Let us assume that an assembly code for a 16-bit processor at cx what we will do is that we generate code which will tell the processor to access r cx and then consider the lower 16-bits. So, in this case, it is just a question, this is actually a very neat way of designing the set of registers, it keeps the clients happy, it keeps the customers happy. Well, it does not keep the designers very happy, because it introduces makes their life slightly difficult, but actually not that difficult as we shall see in chapter 6, 7 and 8 and, but the most important thing is as the compatibility of code is there.

So, tomorrow if Intel releases a new processor, then we will be sure that all the code that we have right all the binaries that we have will actually run.

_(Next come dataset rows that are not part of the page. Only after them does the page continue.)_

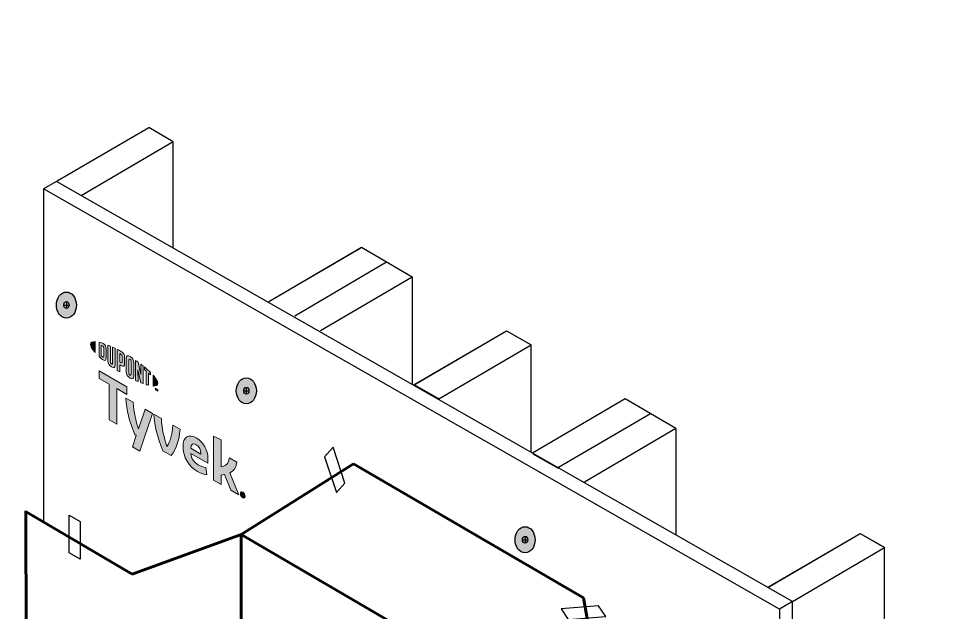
# Model space of a CAD drawing. Extents: x -1279 to 5791, y -3809 to 1769.
# Drawn here: x 995.7 to 1331.4, y -2635.9 to -2418.9 of the extents above; entities that cross this region are included whole.
import ezdxf

# ---------------------------------------------------------------- set-up
doc = ezdxf.new("R2010")
doc.units = 0
doc.header["$MEASUREMENT"] = 0
doc.linetypes.add('AI-Linetype-42', pattern=[27, 18, -9])
for name, color, linetype, lineweight in [('G-ANNO-TTLB', 7, 'Continuous', 0), ('TYVEK', 7, 'Continuous', 0), ('X-REF - TRACED', 7, 'Continuous', 0)]:
    doc.layers.add(name, color=color, linetype=linetype, lineweight=lineweight)

# ---------------------------------------------------------------- blocks, each defined once
blk = doc.blocks.new('Block_110')
at = {"layer": 'TYVEK', "true_color": 0x003b71, "transparency": 33554687}
h = blk.add_hatch(color=156, dxfattribs=at)
h.dxf.hatch_style = 2
edge = h.paths.add_edge_path()
edge.add_ellipse((1013.25, -2523.6), major_axis=(0, 4.78), ratio=0.766948, start_angle=0, end_angle=360)
h = blk.add_hatch(color=156, dxfattribs=at)
h.dxf.hatch_style = 2
edge = h.paths.add_edge_path()
edge.add_ellipse((1078.96, -2554.92), major_axis=(0, 4.78), ratio=0.766948, start_angle=0, end_angle=360)
h = blk.add_hatch(color=156, dxfattribs=at)
h.dxf.hatch_style = 2
edge = h.paths.add_edge_path()
edge.add_ellipse((1180.76, -2609.34), major_axis=(0, 4.78), ratio=0.766948, start_angle=0, end_angle=360)
at = {"layer": 'TYVEK', "color": 18, "lineweight": 25, "true_color": 0x080808}
for p, q in [((1012.28, -2523.57), (1014.22, -2523.57)), ((1013.25, -2522.34), (1013.25, -2524.8)), ((1078.96, -2553.66), (1078.96, -2556.13)), ((1077.99, -2554.89), (1079.94, -2554.89)), ((1180.76, -2608.08), (1180.76, -2610.55)), ((1179.78, -2609.31), (1181.73, -2609.31))]:
    blk.add_line(p, q, dxfattribs=at)
at = {"layer": 'TYVEK', "color": 18, "lineweight": 25, "true_color": 0x000000}
for centre in [(1013.25, -2523.6), (1078.96, -2554.92), (1180.76, -2609.34)]:
    blk.add_ellipse(centre, major_axis=(0, 4.78), ratio=0.766948, dxfattribs=at)
at = {"layer": 'TYVEK', "color": 18, "lineweight": 25, "true_color": 0x080808}
for centre in [(1013.25, -2523.57), (1078.96, -2554.89), (1180.76, -2609.31)]:
    blk.add_ellipse(centre, major_axis=(0, 1.23), ratio=0.788846, dxfattribs=at)
blk = doc.blocks.new('Block_422')
at = {"layer": 'X-REF - TRACED', "true_color": 0x848484, "transparency": 33554687}
h = blk.add_hatch(color=252, dxfattribs=at)
h.dxf.hatch_style = 2
edge = h.paths.add_edge_path()
edge.add_spline(control_points=[(1022.01, -2537.94), (1022.01, -2538.66), (1022.63, -2539.69), (1023.69, -2540.89), (1023.69, -2540.89), (1023.69, -2536.95), (1023.69, -2536.95), (1022.63, -2536.91), (1022.01, -2537.23), (1022.01, -2537.94)], knot_values=[0, 0, 0, 0, 1, 1, 1, 2, 2, 2, 3, 3, 3, 3], degree=3, periodic=0)
h = blk.add_hatch(color=252, dxfattribs=at)
h.dxf.hatch_style = 2
edge = h.paths.add_edge_path()
edge.add_spline(control_points=[(1026.9, -2542.37), (1026.9, -2542.67), (1026.74, -2542.68), (1026.55, -2542.57), (1026.4, -2542.49), (1026.17, -2542.3), (1025.99, -2542.13), (1025.99, -2542.13), (1025.99, -2538.36), (1025.99, -2538.36), (1026.17, -2538.41), (1026.4, -2538.48), (1026.55, -2538.57), (1026.74, -2538.68), (1026.9, -2538.87), (1026.9, -2539.17), (1026.9, -2539.17), (1026.9, -2542.37), (1026.9, -2542.37)], knot_values=[0, 0, 0, 0, 1, 1, 1, 2, 2, 2, 3, 3, 3, 4, 4, 4, 5, 5, 5, 6, 6, 6, 6], degree=3, periodic=0)
edge = h.paths.add_edge_path()
edge.add_spline(control_points=[(1026.67, -2537.65), (1026.38, -2537.48), (1025.95, -2537.33), (1025.17, -2537.16), (1025.17, -2537.16), (1025.17, -2542.39), (1025.17, -2542.39), (1025.85, -2543.02), (1026.38, -2543.46), (1026.67, -2543.63), (1027.36, -2544.03), (1027.75, -2543.77), (1027.75, -2543), (1027.75, -2543), (1027.75, -2539.53), (1027.75, -2539.53), (1027.75, -2538.76), (1027.36, -2538.05), (1026.67, -2537.65)], knot_values=[0, 0, 0, 0, 1, 1, 1, 2, 2, 2, 3, 3, 3, 4, 4, 4, 5, 5, 5, 6, 6, 6, 6], degree=3, periodic=0)
h = blk.add_hatch(color=252, dxfattribs=at)
h.dxf.hatch_style = 2
edge = h.paths.add_edge_path()
edge.add_spline(control_points=[(1030.14, -2544.86), (1030.14, -2545.16), (1030.05, -2545.3), (1029.72, -2545.06), (1029.4, -2544.83), (1029.31, -2544.62), (1029.31, -2544.27), (1029.31, -2544.27), (1029.31, -2538.58), (1029.31, -2538.58), (1029.1, -2538.48), (1028.62, -2538.28), (1028.41, -2538.2), (1028.41, -2538.2), (1028.41, -2543.95), (1028.41, -2543.95), (1028.41, -2544.87), (1028.8, -2545.45), (1029.72, -2546.1), (1030.56, -2546.7), (1031.08, -2546.51), (1031.08, -2545.49), (1031.08, -2545.49), (1031.08, -2539.41), (1031.08, -2539.41), (1030.9, -2539.32), (1030.33, -2539.04), (1030.14, -2538.96), (1030.14, -2538.96), (1030.14, -2544.86), (1030.14, -2544.86)], knot_values=[0, 0, 0, 0, 1, 1, 1, 2, 2, 2, 3, 3, 3, 4, 4, 4, 5, 5, 5, 6, 6, 6, 7, 7, 7, 8, 8, 8, 9, 9, 9, 10, 10, 10, 10], degree=3, periodic=0)
h = blk.add_hatch(color=252, dxfattribs=at)
h.dxf.hatch_style = 2
edge = h.paths.add_edge_path()
edge.add_spline(control_points=[(1033.56, -2544.33), (1033.56, -2544.66), (1033.46, -2544.77), (1033.08, -2544.55), (1033.08, -2544.55), (1032.75, -2544.36), (1032.75, -2544.36), (1032.75, -2544.36), (1032.75, -2541.34), (1032.75, -2541.34), (1032.9, -2541.42), (1032.97, -2541.46), (1033.06, -2541.51), (1033.47, -2541.75), (1033.56, -2541.98), (1033.56, -2542.31), (1033.56, -2542.31), (1033.56, -2544.33), (1033.56, -2544.33)], knot_values=[0, 0, 0, 0, 1, 1, 1, 2, 2, 2, 3, 3, 3, 4, 4, 4, 5, 5, 5, 6, 6, 6, 6], degree=3, periodic=0)
edge = h.paths.add_edge_path()
edge.add_spline(control_points=[(1033.12, -2540.48), (1032.95, -2540.38), (1032.36, -2540.06), (1031.81, -2539.78), (1031.81, -2539.78), (1031.81, -2547.44), (1031.81, -2547.44), (1032, -2547.55), (1032.49, -2547.87), (1032.75, -2548.03), (1032.75, -2548.03), (1032.75, -2545.43), (1032.75, -2545.43), (1032.75, -2545.43), (1033.12, -2545.64), (1033.12, -2545.64), (1034.1, -2546.2), (1034.51, -2545.93), (1034.51, -2544.96), (1034.51, -2544.96), (1034.51, -2542.7), (1034.51, -2542.7), (1034.51, -2541.75), (1034.05, -2541.01), (1033.12, -2540.48)], knot_values=[0, 0, 0, 0, 1, 1, 1, 2, 2, 2, 3, 3, 3, 4, 4, 4, 5, 5, 5, 6, 6, 6, 7, 7, 7, 8, 8, 8, 8], degree=3, periodic=0)
h = blk.add_hatch(color=252, dxfattribs=at)
h.dxf.hatch_style = 2
edge = h.paths.add_edge_path()
edge.add_spline(control_points=[(1036.91, -2548.94), (1036.91, -2549.24), (1036.82, -2549.35), (1036.49, -2549.17), (1036.15, -2548.98), (1036.06, -2548.76), (1036.06, -2548.45), (1036.06, -2548.45), (1036.06, -2543.67), (1036.06, -2543.67), (1036.06, -2543.36), (1036.15, -2543.24), (1036.49, -2543.45), (1036.82, -2543.65), (1036.91, -2543.87), (1036.91, -2544.17), (1036.91, -2544.17), (1036.91, -2548.94), (1036.91, -2548.94)], knot_values=[0, 0, 0, 0, 1, 1, 1, 2, 2, 2, 3, 3, 3, 4, 4, 4, 5, 5, 5, 6, 6, 6, 6], degree=3, periodic=0)
edge = h.paths.add_edge_path()
edge.add_spline(control_points=[(1036.49, -2542.38), (1035.62, -2541.83), (1035.1, -2541.97), (1035.1, -2542.98), (1035.1, -2542.98), (1035.1, -2547.99), (1035.1, -2547.99), (1035.1, -2549.05), (1035.57, -2549.76), (1036.49, -2550.24), (1037.39, -2550.72), (1037.86, -2550.6), (1037.86, -2549.46), (1037.86, -2549.46), (1037.86, -2544.69), (1037.86, -2544.69), (1037.86, -2543.61), (1037.43, -2542.98), (1036.49, -2542.38)], knot_values=[0, 0, 0, 0, 1, 1, 1, 2, 2, 2, 3, 3, 3, 4, 4, 4, 5, 5, 5, 6, 6, 6, 6], degree=3, periodic=0)
h = blk.add_hatch(color=252, dxfattribs=at)
h.dxf.hatch_style = 2
edge = h.paths.add_edge_path()
edge.add_spline(control_points=[(1040.46, -2548.94), (1040.46, -2548.94), (1039.42, -2544.44), (1039.42, -2544.44), (1039.14, -2544.24), (1038.8, -2544), (1038.53, -2543.82), (1038.53, -2543.82), (1038.53, -2551.16), (1038.53, -2551.16), (1038.72, -2551.25), (1039.19, -2551.46), (1039.43, -2551.56), (1039.43, -2551.56), (1039.36, -2547.19), (1039.36, -2547.19), (1039.36, -2547.19), (1040.46, -2551.99), (1040.46, -2551.99), (1040.7, -2552.08), (1041.04, -2552.21), (1041.26, -2552.29), (1041.26, -2552.29), (1041.26, -2545.84), (1041.26, -2545.84), (1041.03, -2545.65), (1040.6, -2545.32), (1040.4, -2545.17), (1040.4, -2545.17), (1040.46, -2548.94), (1040.46, -2548.94)], knot_values=[0, 0, 0, 0, 1, 1, 1, 2, 2, 2, 3, 3, 3, 4, 4, 4, 5, 5, 5, 6, 6, 6, 7, 7, 7, 8, 8, 8, 9, 9, 9, 10, 10, 10, 10], degree=3, periodic=0)
h = blk.add_hatch(color=252, dxfattribs=at)
h.dxf.hatch_style = 2
edge = h.paths.add_edge_path()
edge.add_spline(control_points=[(1041.73, -2547.23), (1041.96, -2547.42), (1042.19, -2547.6), (1042.41, -2547.79), (1042.41, -2547.79), (1042.41, -2552.67), (1042.41, -2552.67), (1042.61, -2552.73), (1043, -2552.84), (1043.25, -2552.9), (1043.25, -2552.9), (1043.25, -2548.5), (1043.25, -2548.5), (1043.49, -2548.71), (1043.72, -2548.92), (1043.93, -2549.11), (1043.93, -2549.11), (1043.93, -2548.17), (1043.93, -2548.17), (1043.27, -2547.52), (1042.56, -2546.89), (1041.73, -2546.21), (1041.73, -2546.21), (1041.73, -2547.23), (1041.73, -2547.23)], knot_values=[0, 0, 0, 0, 1, 1, 1, 2, 2, 2, 3, 3, 3, 4, 4, 4, 5, 5, 5, 6, 6, 6, 7, 7, 7, 8, 8, 8, 8], degree=3, periodic=0)
h = blk.add_hatch(color=252, dxfattribs=at)
h.dxf.hatch_style = 2
edge = h.paths.add_edge_path()
edge.add_spline(control_points=[(1046.62, -2552.15), (1046.62, -2552.87), (1046.01, -2553.19), (1044.94, -2553.16), (1044.94, -2553.16), (1044.94, -2549.21), (1044.94, -2549.21), (1046.01, -2550.41), (1046.62, -2551.43), (1046.62, -2552.15)], knot_values=[0, 0, 0, 0, 1, 1, 1, 2, 2, 2, 3, 3, 3, 3], degree=3, periodic=0)
h = blk.add_hatch(color=252, dxfattribs=at)
h.dxf.hatch_style = 2
edge = h.paths.add_edge_path()
edge.add_spline(control_points=[(1046.12, -2554.23), (1046.12, -2554.23), (1046.22, -2554.29), (1046.22, -2554.29), (1046.22, -2554.29), (1046.37, -2554.65), (1046.37, -2554.65), (1046.37, -2554.65), (1046.52, -2554.46), (1046.52, -2554.46), (1046.52, -2554.46), (1046.62, -2554.52), (1046.62, -2554.52), (1046.62, -2554.52), (1046.62, -2555.09), (1046.62, -2555.09), (1046.62, -2555.09), (1046.53, -2555.04), (1046.53, -2555.04), (1046.53, -2555.04), (1046.53, -2554.63), (1046.53, -2554.63), (1046.53, -2554.63), (1046.38, -2554.82), (1046.38, -2554.82), (1046.38, -2554.82), (1046.37, -2554.81), (1046.37, -2554.81), (1046.37, -2554.81), (1046.21, -2554.45), (1046.21, -2554.45), (1046.21, -2554.45), (1046.21, -2554.85), (1046.21, -2554.85), (1046.21, -2554.85), (1046.12, -2554.8), (1046.12, -2554.8), (1046.12, -2554.8), (1046.12, -2554.23), (1046.12, -2554.23)], knot_values=[0, 0, 0, 0, 1, 1, 1, 2, 2, 2, 3, 3, 3, 4, 4, 4, 5, 5, 5, 6, 6, 6, 7, 7, 7, 8, 8, 8, 9, 9, 9, 10, 10, 10, 11, 11, 11, 12, 12, 12, 13, 13, 13, 13], degree=3, periodic=0)
edge = h.paths.add_edge_path()
edge.add_spline(control_points=[(1045.77, -2554.13), (1045.77, -2554.13), (1045.62, -2554.04), (1045.62, -2554.04), (1045.62, -2554.04), (1045.62, -2553.94), (1045.62, -2553.94), (1045.62, -2553.94), (1046.02, -2554.17), (1046.02, -2554.17), (1046.02, -2554.17), (1046.02, -2554.27), (1046.02, -2554.27), (1046.02, -2554.27), (1045.86, -2554.18), (1045.86, -2554.18), (1045.86, -2554.18), (1045.86, -2554.65), (1045.86, -2554.65), (1045.86, -2554.65), (1045.77, -2554.6), (1045.77, -2554.6), (1045.77, -2554.6), (1045.77, -2554.13), (1045.77, -2554.13)], knot_values=[0, 0, 0, 0, 1, 1, 1, 2, 2, 2, 3, 3, 3, 4, 4, 4, 5, 5, 5, 6, 6, 6, 7, 7, 7, 8, 8, 8, 8], degree=3, periodic=0)
at = {"layer": 'X-REF - TRACED'}
for points, knots in [([(1022.01, -2537.94), (1022.01, -2538.66), (1022.63, -2539.69), (1023.69, -2540.89), (1023.69, -2540.89), (1023.69, -2536.95), (1023.69, -2536.95), (1022.63, -2536.91), (1022.01, -2537.23), (1022.01, -2537.94)], [0, 0, 0, 0, 1, 1, 1, 2, 2, 2, 3, 3, 3, 3]), ([(1026.67, -2537.65), (1026.38, -2537.48), (1025.95, -2537.33), (1025.17, -2537.16), (1025.17, -2537.16), (1025.17, -2542.39), (1025.17, -2542.39), (1025.85, -2543.02), (1026.38, -2543.46), (1026.67, -2543.63), (1027.36, -2544.03), (1027.75, -2543.77), (1027.75, -2543), (1027.75, -2543), (1027.75, -2539.53), (1027.75, -2539.53), (1027.75, -2538.76), (1027.36, -2538.05), (1026.67, -2537.65)], [0, 0, 0, 0, 1, 1, 1, 2, 2, 2, 3, 3, 3, 4, 4, 4, 5, 5, 5, 6, 6, 6, 6]), ([(1026.9, -2542.37), (1026.9, -2542.67), (1026.74, -2542.68), (1026.55, -2542.57), (1026.4, -2542.49), (1026.17, -2542.3), (1025.99, -2542.13), (1025.99, -2542.13), (1025.99, -2538.36), (1025.99, -2538.36), (1026.17, -2538.41), (1026.4, -2538.48), (1026.55, -2538.57), (1026.74, -2538.68), (1026.9, -2538.87), (1026.9, -2539.17), (1026.9, -2539.17), (1026.9, -2542.37), (1026.9, -2542.37)], [0, 0, 0, 0, 1, 1, 1, 2, 2, 2, 3, 3, 3, 4, 4, 4, 5, 5, 5, 6, 6, 6, 6]), ([(1030.14, -2544.86), (1030.14, -2545.16), (1030.05, -2545.3), (1029.72, -2545.06), (1029.4, -2544.83), (1029.31, -2544.62), (1029.31, -2544.27), (1029.31, -2544.27), (1029.31, -2538.58), (1029.31, -2538.58), (1029.1, -2538.48), (1028.62, -2538.28), (1028.41, -2538.2), (1028.41, -2538.2), (1028.41, -2543.95), (1028.41, -2543.95), (1028.41, -2544.87), (1028.8, -2545.45), (1029.72, -2546.1), (1030.56, -2546.7), (1031.08, -2546.51), (1031.08, -2545.49), (1031.08, -2545.49), (1031.08, -2539.41), (1031.08, -2539.41), (1030.9, -2539.32), (1030.33, -2539.04), (1030.14, -2538.96), (1030.14, -2538.96), (1030.14, -2544.86), (1030.14, -2544.86)], [0, 0, 0, 0, 1, 1, 1, 2, 2, 2, 3, 3, 3, 4, 4, 4, 5, 5, 5, 6, 6, 6, 7, 7, 7, 8, 8, 8, 9, 9, 9, 10, 10, 10, 10]), ([(1033.12, -2540.48), (1032.95, -2540.38), (1032.36, -2540.06), (1031.81, -2539.78), (1031.81, -2539.78), (1031.81, -2547.44), (1031.81, -2547.44), (1032, -2547.55), (1032.49, -2547.87), (1032.75, -2548.03), (1032.75, -2548.03), (1032.75, -2545.43), (1032.75, -2545.43), (1032.75, -2545.43), (1033.12, -2545.64), (1033.12, -2545.64), (1034.1, -2546.2), (1034.51, -2545.93), (1034.51, -2544.96), (1034.51, -2544.96), (1034.51, -2542.7), (1034.51, -2542.7), (1034.51, -2541.75), (1034.05, -2541.01), (1033.12, -2540.48)], [0, 0, 0, 0, 1, 1, 1, 2, 2, 2, 3, 3, 3, 4, 4, 4, 5, 5, 5, 6, 6, 6, 7, 7, 7, 8, 8, 8, 8]), ([(1033.56, -2544.33), (1033.56, -2544.66), (1033.46, -2544.77), (1033.08, -2544.55), (1033.08, -2544.55), (1032.75, -2544.36), (1032.75, -2544.36), (1032.75, -2544.36), (1032.75, -2541.34), (1032.75, -2541.34), (1032.9, -2541.42), (1032.97, -2541.46), (1033.06, -2541.51), (1033.47, -2541.75), (1033.56, -2541.98), (1033.56, -2542.31), (1033.56, -2542.31), (1033.56, -2544.33), (1033.56, -2544.33)], [0, 0, 0, 0, 1, 1, 1, 2, 2, 2, 3, 3, 3, 4, 4, 4, 5, 5, 5, 6, 6, 6, 6]), ([(1036.49, -2542.38), (1035.62, -2541.83), (1035.1, -2541.97), (1035.1, -2542.98), (1035.1, -2542.98), (1035.1, -2547.99), (1035.1, -2547.99), (1035.1, -2549.05), (1035.57, -2549.76), (1036.49, -2550.24), (1037.39, -2550.72), (1037.86, -2550.6), (1037.86, -2549.46), (1037.86, -2549.46), (1037.86, -2544.69), (1037.86, -2544.69), (1037.86, -2543.61), (1037.43, -2542.98), (1036.49, -2542.38)], [0, 0, 0, 0, 1, 1, 1, 2, 2, 2, 3, 3, 3, 4, 4, 4, 5, 5, 5, 6, 6, 6, 6]), ([(1036.91, -2548.94), (1036.91, -2549.24), (1036.82, -2549.35), (1036.49, -2549.17), (1036.15, -2548.98), (1036.06, -2548.76), (1036.06, -2548.45), (1036.06, -2548.45), (1036.06, -2543.67), (1036.06, -2543.67), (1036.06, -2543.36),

In addition the 64-bit ISA defines 8 extra registers r 8 to r 15. And mind your r 8 to r 15, do not have any of these sub fields because the 16 and 32-bit ISA, the 16-bit and 32-bit Intel ISA is only defined 8 registers. So, for these 8 registers, they are appropriately mapped to different fields inside large 64-bit registers, but r 8 to r 14 are 8 extra registers, we should not have any sub fields and they can be used by 64-bit Intel processors and Intel binaries. But mind you any binary generated for a 64-bit processor will not run on a 32-bit processor, but neither should it be. See always want whatever programs you write to be compatible with future processors you do not want any program that you write today to be compatible with processors of the past. So, this is sort of a general rule that most companies follow and that is the reason this particular design decision has been made.

So, before I leave this slide, I would again like to underscore the importance of this particular slide is very, very important that readers and listeners understand this slide. And basically the imp important takeaway point is that the register is the same given a program if the register will just be interpreted in different ways. So, if we write ax, we will only interpret the bottom 16-bits; if we write eax, then only interpret the bottom 32-bits; and if we write r ax, we will interpret essentially all 64-bits in a 64-bit processor.

(Refer Slide Time: 24:02)



So, x86 can actually takes the arguments slightly further. So, it can even support 8-bit registers. So, the ax, bx, cx, and dx fields are further subdivided into two 8-bit fields. So, this is to ensure that we are compatible at some of the earliest 8-bit processors. So, in this case, also you know it helps us write slightly more efficient code if we need to access values at a byte level. So, for because you know compatibility with 8080 which was a 8-bit processor is not really that important, but this allows us to access information at a bite level which is much more important today at least.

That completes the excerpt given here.